Post new topic Reply to topic  [ 33 posts ] 

All times are UTC

Author Message
PostPosted: Thu Mar 16, 2017 1:46 am 
Offline

Joined: Tue Jun 28, 2016 2:08 pm
Posts: 54
Location: CCRC (UNSW), ARCCSS, ACE CRC
I am running MetROMS (ROMS coupled with CICE) and since updating from ROMS 3.6 to the 3.7 trunk, the model has stopped being bit reproducible. i.e. if I run exactly the same simulation twice it gives me different answers. Not a good sign...

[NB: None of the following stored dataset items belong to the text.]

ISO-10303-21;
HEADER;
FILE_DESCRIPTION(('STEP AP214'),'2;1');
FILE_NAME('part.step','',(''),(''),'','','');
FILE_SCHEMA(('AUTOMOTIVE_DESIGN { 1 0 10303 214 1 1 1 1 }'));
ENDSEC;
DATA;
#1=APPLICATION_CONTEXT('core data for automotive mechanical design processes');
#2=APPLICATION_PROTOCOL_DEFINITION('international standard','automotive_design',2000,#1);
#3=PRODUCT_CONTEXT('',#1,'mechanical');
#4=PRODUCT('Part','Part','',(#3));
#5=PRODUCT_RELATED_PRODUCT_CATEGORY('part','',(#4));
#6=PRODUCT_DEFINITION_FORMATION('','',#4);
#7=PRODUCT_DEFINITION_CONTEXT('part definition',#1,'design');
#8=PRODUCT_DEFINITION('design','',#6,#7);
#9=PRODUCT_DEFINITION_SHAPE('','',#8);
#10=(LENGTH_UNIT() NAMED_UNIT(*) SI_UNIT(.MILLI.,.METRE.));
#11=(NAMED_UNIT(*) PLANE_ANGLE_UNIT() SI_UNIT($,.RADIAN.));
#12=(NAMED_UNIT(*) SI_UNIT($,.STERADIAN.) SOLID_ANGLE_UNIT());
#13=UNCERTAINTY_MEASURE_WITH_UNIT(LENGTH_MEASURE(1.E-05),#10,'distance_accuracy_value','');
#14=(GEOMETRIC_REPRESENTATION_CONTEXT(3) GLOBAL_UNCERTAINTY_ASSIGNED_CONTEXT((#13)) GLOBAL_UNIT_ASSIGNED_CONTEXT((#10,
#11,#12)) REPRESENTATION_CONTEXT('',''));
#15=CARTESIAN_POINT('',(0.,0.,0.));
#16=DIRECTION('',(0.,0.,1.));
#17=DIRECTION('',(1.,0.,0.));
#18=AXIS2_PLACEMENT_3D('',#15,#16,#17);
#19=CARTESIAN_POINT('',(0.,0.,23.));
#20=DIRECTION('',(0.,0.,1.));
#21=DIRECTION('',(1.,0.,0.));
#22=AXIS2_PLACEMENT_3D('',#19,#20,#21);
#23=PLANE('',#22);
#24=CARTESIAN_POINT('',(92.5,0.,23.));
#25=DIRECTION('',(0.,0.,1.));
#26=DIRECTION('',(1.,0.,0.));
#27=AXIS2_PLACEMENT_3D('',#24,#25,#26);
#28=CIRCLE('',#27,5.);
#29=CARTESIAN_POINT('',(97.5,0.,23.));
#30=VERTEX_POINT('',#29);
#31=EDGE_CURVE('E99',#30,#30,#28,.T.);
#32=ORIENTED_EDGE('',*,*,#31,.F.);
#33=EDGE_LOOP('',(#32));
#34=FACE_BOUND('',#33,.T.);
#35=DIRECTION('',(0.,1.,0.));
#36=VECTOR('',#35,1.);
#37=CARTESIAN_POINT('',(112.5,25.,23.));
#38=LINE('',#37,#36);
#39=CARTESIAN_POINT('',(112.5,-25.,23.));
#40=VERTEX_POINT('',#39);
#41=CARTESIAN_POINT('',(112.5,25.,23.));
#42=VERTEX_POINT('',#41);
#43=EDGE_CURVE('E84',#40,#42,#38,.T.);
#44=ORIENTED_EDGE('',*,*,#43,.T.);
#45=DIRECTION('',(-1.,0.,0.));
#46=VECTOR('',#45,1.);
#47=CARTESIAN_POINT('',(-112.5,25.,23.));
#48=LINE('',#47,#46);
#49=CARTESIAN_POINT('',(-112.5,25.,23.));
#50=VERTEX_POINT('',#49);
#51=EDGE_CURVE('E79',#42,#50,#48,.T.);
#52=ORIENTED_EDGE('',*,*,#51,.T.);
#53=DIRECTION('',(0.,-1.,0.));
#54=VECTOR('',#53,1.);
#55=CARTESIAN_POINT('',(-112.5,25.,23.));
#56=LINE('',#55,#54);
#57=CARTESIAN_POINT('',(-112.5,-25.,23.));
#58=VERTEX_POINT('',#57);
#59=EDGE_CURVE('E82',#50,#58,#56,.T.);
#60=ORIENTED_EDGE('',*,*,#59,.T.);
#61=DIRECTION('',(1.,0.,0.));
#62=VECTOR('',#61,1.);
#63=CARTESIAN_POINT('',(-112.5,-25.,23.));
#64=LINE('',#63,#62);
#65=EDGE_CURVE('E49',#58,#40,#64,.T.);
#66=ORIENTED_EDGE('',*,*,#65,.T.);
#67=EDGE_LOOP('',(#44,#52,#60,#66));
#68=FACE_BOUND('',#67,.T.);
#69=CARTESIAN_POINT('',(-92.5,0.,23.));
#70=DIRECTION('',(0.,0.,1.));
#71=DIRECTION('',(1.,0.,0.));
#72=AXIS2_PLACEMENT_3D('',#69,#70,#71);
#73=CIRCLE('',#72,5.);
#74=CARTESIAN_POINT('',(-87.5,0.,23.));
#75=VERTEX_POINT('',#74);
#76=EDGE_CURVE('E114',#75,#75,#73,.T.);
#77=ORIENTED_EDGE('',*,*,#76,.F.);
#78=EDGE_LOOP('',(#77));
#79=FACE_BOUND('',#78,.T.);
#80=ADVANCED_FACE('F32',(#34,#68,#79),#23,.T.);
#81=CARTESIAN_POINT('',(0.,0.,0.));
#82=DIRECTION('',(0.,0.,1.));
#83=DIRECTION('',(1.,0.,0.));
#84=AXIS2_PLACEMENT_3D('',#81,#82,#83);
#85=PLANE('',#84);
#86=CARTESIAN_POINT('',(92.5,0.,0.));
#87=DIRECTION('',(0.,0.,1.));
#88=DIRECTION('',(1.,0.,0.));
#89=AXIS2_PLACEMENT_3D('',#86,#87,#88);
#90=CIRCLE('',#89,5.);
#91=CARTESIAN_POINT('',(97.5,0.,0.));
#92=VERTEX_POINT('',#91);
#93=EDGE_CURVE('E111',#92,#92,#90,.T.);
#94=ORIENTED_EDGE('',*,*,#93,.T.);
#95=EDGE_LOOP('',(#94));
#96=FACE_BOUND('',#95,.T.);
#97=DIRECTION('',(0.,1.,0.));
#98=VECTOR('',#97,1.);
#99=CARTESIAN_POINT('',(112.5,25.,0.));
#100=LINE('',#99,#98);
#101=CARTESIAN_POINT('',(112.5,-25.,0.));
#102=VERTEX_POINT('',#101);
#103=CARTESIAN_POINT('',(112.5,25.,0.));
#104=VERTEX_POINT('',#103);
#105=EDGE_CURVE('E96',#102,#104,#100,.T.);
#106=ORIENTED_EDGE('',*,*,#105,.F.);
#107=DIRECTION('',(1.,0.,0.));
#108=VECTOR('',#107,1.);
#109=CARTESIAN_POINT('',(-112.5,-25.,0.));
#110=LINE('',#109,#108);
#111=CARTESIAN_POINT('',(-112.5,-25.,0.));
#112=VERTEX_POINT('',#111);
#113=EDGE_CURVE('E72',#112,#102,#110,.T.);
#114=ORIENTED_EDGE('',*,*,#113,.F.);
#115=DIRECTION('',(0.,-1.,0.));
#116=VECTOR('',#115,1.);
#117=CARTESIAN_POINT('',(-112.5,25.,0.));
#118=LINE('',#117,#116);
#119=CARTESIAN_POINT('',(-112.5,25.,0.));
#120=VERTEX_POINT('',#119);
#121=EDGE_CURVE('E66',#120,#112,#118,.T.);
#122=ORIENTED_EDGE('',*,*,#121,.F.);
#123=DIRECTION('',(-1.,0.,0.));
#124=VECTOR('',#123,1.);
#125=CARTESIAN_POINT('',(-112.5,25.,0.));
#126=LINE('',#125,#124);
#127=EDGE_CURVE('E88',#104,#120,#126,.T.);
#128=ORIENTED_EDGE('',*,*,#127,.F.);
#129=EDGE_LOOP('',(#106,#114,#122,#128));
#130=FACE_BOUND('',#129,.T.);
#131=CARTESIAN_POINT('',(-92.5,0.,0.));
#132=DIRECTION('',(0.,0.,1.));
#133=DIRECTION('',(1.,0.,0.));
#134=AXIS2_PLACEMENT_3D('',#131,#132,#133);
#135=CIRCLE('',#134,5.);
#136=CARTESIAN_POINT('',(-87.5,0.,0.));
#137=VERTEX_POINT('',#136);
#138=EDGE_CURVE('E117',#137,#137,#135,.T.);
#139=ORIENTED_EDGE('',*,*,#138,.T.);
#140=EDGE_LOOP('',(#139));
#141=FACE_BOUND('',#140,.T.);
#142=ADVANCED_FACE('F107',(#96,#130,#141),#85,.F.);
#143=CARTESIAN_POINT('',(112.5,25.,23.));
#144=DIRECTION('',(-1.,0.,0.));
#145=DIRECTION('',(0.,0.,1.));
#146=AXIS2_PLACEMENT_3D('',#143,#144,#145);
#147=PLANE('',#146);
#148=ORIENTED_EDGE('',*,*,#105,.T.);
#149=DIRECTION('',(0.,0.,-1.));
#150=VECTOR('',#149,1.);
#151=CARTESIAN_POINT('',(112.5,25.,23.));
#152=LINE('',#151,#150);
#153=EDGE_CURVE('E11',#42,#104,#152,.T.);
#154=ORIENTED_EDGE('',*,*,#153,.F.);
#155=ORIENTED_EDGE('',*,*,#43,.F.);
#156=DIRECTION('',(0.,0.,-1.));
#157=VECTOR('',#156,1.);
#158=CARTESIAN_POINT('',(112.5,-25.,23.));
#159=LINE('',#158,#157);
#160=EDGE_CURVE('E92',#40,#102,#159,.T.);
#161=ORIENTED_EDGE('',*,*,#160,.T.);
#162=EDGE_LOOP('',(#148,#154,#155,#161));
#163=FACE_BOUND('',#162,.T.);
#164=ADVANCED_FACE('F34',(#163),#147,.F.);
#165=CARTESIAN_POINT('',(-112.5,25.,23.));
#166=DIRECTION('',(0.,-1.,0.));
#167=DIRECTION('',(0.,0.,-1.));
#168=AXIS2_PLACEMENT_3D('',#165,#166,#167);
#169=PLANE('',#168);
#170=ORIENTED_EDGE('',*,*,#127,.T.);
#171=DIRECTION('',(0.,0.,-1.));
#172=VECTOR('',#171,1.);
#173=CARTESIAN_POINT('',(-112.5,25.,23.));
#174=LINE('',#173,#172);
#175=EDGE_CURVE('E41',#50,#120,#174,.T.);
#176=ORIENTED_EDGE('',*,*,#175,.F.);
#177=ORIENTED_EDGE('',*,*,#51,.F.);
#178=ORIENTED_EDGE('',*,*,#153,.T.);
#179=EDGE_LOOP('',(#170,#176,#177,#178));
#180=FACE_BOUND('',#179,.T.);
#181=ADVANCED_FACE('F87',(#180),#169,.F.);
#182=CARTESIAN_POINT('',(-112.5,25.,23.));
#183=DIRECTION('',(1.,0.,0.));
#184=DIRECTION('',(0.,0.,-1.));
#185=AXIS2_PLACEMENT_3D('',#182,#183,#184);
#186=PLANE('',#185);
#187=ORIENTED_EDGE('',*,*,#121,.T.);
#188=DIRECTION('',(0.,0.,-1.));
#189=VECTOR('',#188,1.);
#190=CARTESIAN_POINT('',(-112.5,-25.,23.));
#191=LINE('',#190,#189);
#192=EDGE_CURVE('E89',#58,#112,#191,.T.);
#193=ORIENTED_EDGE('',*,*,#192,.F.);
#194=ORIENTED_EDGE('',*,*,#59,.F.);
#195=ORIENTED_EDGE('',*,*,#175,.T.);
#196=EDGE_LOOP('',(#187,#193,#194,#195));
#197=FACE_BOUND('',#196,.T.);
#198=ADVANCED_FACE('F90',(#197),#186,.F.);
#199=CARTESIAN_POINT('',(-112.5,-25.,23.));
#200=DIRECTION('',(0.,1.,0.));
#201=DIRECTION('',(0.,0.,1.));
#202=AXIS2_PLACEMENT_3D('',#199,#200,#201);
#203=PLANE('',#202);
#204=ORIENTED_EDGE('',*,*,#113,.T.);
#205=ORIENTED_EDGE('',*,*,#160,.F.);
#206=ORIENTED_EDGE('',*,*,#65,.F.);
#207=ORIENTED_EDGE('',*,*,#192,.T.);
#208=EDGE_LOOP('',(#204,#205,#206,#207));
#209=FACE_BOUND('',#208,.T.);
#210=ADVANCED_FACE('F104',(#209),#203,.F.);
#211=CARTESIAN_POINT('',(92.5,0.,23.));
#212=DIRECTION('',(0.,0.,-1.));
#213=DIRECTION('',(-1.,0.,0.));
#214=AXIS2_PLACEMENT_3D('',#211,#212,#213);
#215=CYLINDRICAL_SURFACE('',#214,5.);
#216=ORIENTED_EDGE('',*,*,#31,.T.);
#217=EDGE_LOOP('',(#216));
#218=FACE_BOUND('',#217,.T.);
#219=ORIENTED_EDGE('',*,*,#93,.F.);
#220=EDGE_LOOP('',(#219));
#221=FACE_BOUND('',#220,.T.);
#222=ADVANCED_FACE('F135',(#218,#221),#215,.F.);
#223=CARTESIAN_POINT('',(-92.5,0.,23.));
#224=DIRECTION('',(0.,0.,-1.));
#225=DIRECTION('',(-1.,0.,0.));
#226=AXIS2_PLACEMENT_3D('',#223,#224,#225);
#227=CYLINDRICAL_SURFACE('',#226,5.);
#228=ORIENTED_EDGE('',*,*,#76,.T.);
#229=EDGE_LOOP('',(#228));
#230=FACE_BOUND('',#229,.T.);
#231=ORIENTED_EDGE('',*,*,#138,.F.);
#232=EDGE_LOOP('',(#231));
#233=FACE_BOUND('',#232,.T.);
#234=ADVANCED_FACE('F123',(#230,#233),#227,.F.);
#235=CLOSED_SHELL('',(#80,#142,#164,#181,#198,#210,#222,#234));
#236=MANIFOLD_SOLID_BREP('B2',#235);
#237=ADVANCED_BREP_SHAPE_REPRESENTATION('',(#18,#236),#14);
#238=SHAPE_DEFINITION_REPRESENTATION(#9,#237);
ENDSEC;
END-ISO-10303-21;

I'm almost positive that I've ruled out CICE or the coupling being the issue, by writing to ocean_his every timestep (there are 6 ocean timesteps to every CICE coupling timestep). The first ocean_his output (timestep 0) is always the same. But the second one (i.e. after the first full timestep) always diverges, even though CICE coupling doesn't happen until after the sixth ROMS timestep. There is an initial coupling call but I did a test run where ROMS ignores these fields from CICE, and it still wasn't bit-reproducible. So unless something really funny is going on with memory, I think the problem is with ROMS.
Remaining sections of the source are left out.